▶ **Data shown**
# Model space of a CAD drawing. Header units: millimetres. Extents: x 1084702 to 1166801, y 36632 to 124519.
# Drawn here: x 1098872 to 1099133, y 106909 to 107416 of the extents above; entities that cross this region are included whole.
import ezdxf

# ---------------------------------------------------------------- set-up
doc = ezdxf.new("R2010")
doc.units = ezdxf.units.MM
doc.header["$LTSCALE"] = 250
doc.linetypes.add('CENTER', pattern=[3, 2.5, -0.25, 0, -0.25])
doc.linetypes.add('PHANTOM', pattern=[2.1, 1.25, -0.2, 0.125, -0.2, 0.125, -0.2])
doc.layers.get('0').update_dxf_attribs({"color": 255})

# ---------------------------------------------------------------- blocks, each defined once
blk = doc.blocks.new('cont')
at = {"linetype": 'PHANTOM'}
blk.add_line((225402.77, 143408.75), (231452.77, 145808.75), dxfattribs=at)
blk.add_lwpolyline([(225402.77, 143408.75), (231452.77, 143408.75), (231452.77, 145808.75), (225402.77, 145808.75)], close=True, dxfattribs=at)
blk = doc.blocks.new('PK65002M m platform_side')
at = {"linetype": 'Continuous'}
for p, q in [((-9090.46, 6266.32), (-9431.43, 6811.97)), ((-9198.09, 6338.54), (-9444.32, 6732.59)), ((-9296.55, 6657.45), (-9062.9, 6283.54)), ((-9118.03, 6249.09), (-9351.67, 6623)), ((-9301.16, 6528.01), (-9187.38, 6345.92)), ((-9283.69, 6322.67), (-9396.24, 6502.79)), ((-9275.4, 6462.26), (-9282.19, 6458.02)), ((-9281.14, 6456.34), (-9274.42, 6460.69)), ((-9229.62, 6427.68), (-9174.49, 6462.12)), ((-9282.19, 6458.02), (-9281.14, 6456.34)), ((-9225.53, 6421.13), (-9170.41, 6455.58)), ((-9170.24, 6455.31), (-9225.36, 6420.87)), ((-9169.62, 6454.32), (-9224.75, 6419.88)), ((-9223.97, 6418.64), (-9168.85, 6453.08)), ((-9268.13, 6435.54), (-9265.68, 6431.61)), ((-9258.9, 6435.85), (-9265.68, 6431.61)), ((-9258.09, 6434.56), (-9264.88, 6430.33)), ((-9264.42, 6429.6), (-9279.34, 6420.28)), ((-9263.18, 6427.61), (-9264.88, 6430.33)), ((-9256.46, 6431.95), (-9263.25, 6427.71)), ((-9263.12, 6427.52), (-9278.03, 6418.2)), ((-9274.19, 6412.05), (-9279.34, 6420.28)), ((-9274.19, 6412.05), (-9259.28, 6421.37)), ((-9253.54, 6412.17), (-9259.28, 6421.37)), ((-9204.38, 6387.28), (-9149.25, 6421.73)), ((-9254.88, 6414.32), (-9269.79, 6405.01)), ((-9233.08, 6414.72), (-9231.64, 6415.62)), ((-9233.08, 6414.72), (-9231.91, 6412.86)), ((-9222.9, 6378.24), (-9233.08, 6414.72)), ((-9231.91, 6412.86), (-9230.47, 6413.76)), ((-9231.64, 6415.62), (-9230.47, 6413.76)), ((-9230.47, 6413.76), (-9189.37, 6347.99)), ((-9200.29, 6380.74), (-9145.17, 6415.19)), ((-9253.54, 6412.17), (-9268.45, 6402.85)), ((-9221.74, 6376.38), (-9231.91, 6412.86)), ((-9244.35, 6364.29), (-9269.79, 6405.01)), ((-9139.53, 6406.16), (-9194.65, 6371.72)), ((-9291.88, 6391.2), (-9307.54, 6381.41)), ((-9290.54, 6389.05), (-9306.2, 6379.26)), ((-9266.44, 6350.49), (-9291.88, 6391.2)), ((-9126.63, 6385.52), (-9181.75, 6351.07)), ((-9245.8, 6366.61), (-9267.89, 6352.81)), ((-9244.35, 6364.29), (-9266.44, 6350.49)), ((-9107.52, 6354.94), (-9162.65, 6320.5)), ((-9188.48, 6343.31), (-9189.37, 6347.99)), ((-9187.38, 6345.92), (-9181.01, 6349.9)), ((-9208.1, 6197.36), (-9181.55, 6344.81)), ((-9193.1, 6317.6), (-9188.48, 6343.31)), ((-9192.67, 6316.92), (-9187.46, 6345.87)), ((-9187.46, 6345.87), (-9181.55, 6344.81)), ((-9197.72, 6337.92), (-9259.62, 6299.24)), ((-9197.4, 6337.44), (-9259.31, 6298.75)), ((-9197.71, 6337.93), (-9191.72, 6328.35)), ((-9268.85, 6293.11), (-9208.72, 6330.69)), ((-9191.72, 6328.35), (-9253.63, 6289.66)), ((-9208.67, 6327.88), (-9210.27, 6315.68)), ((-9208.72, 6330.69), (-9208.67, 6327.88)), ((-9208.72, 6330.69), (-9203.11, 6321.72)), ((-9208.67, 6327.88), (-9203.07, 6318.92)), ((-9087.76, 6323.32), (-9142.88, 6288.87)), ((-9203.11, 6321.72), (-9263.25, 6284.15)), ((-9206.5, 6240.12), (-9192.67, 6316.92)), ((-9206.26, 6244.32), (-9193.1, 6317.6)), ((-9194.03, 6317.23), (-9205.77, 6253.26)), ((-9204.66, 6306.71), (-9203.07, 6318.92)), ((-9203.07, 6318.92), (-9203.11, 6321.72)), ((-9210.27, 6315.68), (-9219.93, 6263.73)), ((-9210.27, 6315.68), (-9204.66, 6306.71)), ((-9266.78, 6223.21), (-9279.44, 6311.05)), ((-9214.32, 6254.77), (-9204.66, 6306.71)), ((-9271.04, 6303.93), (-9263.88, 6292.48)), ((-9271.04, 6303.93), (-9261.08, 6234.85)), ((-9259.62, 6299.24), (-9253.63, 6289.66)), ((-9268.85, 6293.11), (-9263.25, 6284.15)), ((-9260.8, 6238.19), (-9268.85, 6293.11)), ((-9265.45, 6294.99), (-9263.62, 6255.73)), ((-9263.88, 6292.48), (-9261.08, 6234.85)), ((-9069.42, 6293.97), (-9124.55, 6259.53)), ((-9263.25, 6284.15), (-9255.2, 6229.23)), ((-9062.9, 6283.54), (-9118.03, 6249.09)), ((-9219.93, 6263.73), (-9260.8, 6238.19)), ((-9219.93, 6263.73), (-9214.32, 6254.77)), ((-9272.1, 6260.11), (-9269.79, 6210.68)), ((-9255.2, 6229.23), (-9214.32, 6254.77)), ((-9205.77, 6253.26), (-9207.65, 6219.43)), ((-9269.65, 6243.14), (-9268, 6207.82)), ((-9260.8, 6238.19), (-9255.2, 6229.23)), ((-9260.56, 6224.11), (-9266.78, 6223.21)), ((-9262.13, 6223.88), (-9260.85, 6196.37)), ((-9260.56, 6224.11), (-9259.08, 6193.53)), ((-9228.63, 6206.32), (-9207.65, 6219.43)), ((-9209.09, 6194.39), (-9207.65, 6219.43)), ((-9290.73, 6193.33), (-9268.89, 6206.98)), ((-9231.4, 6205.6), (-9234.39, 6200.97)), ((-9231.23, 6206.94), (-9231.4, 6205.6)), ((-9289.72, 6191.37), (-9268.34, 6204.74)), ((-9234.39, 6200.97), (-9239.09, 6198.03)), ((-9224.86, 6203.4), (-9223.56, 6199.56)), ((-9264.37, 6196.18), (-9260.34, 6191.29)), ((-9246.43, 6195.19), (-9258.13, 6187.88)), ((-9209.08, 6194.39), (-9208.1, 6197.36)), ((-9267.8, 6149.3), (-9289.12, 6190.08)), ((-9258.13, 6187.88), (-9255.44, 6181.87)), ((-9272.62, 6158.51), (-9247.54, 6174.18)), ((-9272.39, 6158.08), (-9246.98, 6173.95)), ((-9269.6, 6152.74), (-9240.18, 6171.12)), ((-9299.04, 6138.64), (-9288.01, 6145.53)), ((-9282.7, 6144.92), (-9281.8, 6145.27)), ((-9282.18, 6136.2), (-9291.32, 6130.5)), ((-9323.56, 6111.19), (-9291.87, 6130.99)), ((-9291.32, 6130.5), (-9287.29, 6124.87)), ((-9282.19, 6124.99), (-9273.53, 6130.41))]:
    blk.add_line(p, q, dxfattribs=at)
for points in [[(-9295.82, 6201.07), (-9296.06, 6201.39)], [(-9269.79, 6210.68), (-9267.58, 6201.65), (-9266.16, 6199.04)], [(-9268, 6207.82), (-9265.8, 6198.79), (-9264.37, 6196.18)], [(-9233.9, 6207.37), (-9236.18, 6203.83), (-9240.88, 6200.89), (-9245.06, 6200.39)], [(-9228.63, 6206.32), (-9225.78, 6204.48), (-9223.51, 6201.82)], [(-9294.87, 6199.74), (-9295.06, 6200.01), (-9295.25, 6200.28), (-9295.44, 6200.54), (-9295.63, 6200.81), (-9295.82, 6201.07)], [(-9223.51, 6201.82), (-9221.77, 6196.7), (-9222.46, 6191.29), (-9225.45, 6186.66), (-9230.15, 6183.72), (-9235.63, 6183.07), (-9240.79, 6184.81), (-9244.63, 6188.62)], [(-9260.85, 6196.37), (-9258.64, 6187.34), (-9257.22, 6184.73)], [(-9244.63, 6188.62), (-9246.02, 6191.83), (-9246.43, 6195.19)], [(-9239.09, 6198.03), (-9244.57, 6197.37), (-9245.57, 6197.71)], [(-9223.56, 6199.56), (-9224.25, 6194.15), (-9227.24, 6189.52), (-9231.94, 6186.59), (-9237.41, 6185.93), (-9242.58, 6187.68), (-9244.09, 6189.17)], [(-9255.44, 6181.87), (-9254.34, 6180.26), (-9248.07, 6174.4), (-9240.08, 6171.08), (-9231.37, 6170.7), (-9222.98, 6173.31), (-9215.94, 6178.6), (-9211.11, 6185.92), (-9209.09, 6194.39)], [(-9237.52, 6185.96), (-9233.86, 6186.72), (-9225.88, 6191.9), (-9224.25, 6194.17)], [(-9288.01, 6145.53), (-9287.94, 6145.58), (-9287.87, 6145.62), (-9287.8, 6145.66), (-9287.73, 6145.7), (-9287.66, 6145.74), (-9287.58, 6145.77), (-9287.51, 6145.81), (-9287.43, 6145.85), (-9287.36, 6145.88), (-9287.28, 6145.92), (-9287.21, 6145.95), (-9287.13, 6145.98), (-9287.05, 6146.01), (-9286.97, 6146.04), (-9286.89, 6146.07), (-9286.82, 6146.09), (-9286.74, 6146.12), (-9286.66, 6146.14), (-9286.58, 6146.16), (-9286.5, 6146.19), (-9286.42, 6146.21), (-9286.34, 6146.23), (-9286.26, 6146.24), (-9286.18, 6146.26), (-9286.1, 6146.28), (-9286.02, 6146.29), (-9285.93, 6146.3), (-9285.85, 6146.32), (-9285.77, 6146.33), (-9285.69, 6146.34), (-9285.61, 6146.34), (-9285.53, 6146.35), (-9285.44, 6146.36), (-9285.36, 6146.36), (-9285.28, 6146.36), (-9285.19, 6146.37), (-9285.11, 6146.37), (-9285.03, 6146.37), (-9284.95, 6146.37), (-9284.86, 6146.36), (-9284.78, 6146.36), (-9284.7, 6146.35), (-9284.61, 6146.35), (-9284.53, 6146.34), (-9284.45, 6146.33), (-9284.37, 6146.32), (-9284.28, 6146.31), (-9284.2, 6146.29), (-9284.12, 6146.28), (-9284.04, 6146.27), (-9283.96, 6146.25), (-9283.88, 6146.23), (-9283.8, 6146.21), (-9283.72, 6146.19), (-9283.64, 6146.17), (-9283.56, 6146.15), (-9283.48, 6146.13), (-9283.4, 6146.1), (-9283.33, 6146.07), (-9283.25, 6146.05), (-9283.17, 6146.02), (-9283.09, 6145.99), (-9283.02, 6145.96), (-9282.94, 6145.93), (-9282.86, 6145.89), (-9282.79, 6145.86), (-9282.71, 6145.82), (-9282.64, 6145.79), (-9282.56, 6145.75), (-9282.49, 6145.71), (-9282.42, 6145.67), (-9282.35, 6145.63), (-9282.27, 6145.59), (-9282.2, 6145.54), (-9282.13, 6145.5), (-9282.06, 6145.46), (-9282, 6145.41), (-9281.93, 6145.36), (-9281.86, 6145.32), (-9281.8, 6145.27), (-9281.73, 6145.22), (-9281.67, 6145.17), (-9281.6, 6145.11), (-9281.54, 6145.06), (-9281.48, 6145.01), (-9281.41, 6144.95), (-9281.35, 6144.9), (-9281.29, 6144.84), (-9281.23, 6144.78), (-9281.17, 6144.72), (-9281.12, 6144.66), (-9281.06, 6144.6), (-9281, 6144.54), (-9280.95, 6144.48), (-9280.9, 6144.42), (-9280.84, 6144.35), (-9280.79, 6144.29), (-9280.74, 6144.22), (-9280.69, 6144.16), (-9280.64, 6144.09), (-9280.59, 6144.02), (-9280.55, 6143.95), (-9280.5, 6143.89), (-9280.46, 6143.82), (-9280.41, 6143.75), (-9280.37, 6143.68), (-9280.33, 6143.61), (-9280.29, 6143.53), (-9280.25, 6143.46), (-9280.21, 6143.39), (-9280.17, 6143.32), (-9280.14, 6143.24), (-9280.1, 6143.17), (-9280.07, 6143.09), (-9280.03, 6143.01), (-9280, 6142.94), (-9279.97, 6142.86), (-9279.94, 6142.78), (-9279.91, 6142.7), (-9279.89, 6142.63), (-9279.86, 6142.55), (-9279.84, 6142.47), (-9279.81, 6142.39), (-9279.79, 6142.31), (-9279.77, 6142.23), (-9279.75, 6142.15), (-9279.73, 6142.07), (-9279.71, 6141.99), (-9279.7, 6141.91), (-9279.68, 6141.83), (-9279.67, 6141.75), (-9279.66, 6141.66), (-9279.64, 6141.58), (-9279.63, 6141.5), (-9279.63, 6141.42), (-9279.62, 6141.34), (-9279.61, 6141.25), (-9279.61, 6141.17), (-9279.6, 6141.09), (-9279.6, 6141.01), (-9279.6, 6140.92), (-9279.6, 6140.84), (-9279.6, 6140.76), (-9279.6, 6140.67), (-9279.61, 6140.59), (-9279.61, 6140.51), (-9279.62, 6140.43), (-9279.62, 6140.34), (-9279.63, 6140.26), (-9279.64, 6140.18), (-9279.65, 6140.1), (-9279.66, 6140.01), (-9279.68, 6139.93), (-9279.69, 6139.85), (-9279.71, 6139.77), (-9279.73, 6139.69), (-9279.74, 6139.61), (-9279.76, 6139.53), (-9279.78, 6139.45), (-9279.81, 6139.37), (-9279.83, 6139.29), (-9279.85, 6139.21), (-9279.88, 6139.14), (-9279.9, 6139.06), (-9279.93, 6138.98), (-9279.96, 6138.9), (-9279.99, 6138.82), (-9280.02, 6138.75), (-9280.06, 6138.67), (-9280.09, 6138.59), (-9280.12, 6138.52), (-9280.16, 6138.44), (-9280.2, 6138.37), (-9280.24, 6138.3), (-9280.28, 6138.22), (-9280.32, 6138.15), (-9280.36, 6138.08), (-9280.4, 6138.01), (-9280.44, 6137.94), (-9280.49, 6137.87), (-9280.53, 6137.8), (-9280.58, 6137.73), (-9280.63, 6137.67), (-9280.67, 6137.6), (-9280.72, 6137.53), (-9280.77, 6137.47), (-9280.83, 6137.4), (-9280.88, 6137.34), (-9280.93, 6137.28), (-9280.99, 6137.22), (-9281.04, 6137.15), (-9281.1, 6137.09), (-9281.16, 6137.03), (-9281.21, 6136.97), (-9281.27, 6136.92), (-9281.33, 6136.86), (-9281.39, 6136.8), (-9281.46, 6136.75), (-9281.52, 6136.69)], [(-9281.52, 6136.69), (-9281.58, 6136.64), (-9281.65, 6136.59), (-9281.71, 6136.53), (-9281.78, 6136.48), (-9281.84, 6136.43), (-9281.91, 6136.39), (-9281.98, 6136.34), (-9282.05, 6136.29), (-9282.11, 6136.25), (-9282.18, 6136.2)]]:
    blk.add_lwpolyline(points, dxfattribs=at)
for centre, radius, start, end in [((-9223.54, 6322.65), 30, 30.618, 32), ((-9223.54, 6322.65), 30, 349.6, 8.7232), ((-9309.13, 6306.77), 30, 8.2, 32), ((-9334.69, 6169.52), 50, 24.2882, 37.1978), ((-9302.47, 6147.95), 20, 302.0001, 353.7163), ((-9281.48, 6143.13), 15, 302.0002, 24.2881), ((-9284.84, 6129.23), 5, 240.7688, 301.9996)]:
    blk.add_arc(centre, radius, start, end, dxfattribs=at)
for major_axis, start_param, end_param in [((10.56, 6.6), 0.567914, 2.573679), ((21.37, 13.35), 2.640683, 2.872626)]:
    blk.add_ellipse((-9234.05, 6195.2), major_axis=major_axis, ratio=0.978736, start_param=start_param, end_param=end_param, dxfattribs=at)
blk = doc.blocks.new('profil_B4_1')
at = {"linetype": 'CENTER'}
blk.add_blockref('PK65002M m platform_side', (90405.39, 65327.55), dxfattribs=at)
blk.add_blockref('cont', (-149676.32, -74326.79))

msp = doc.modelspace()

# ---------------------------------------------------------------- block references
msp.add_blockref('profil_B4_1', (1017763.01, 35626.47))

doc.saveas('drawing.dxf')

▶ **Goal of the exercise**
Write the lines out again exactly, from the one containing "blk.add_arc(centre, radius, start, end, dxfattribs=at)" through the last line of the records, and include no other lines.

▶ **Answer section**
    blk.add_arc(centre, radius, start, end, dxfattribs=at)
for major_axis, start_param, end_param in [((10.56, 6.6), 0.567914, 2.573679), ((21.37, 13.35), 2.640683, 2.872626)]:
    blk.add_ellipse((-9234.05, 6195.2), major_axis=major_axis, ratio=0.978736, start_param=start_param, end_param=end_param, dxfattribs=at)
blk = doc.blocks.new('profil_B4_1')
at = {"linetype": 'CENTER'}
blk.add_blockref('PK65002M m platform_side', (90405.39, 65327.55), dxfattribs=at)
blk.add_blockref('cont', (-149676.32, -74326.79))

msp = doc.modelspace()

# ---------------------------------------------------------------- block references
msp.add_blockref('profil_B4_1', (1017763.01, 35626.47))

doc.saveas('drawing.dxf')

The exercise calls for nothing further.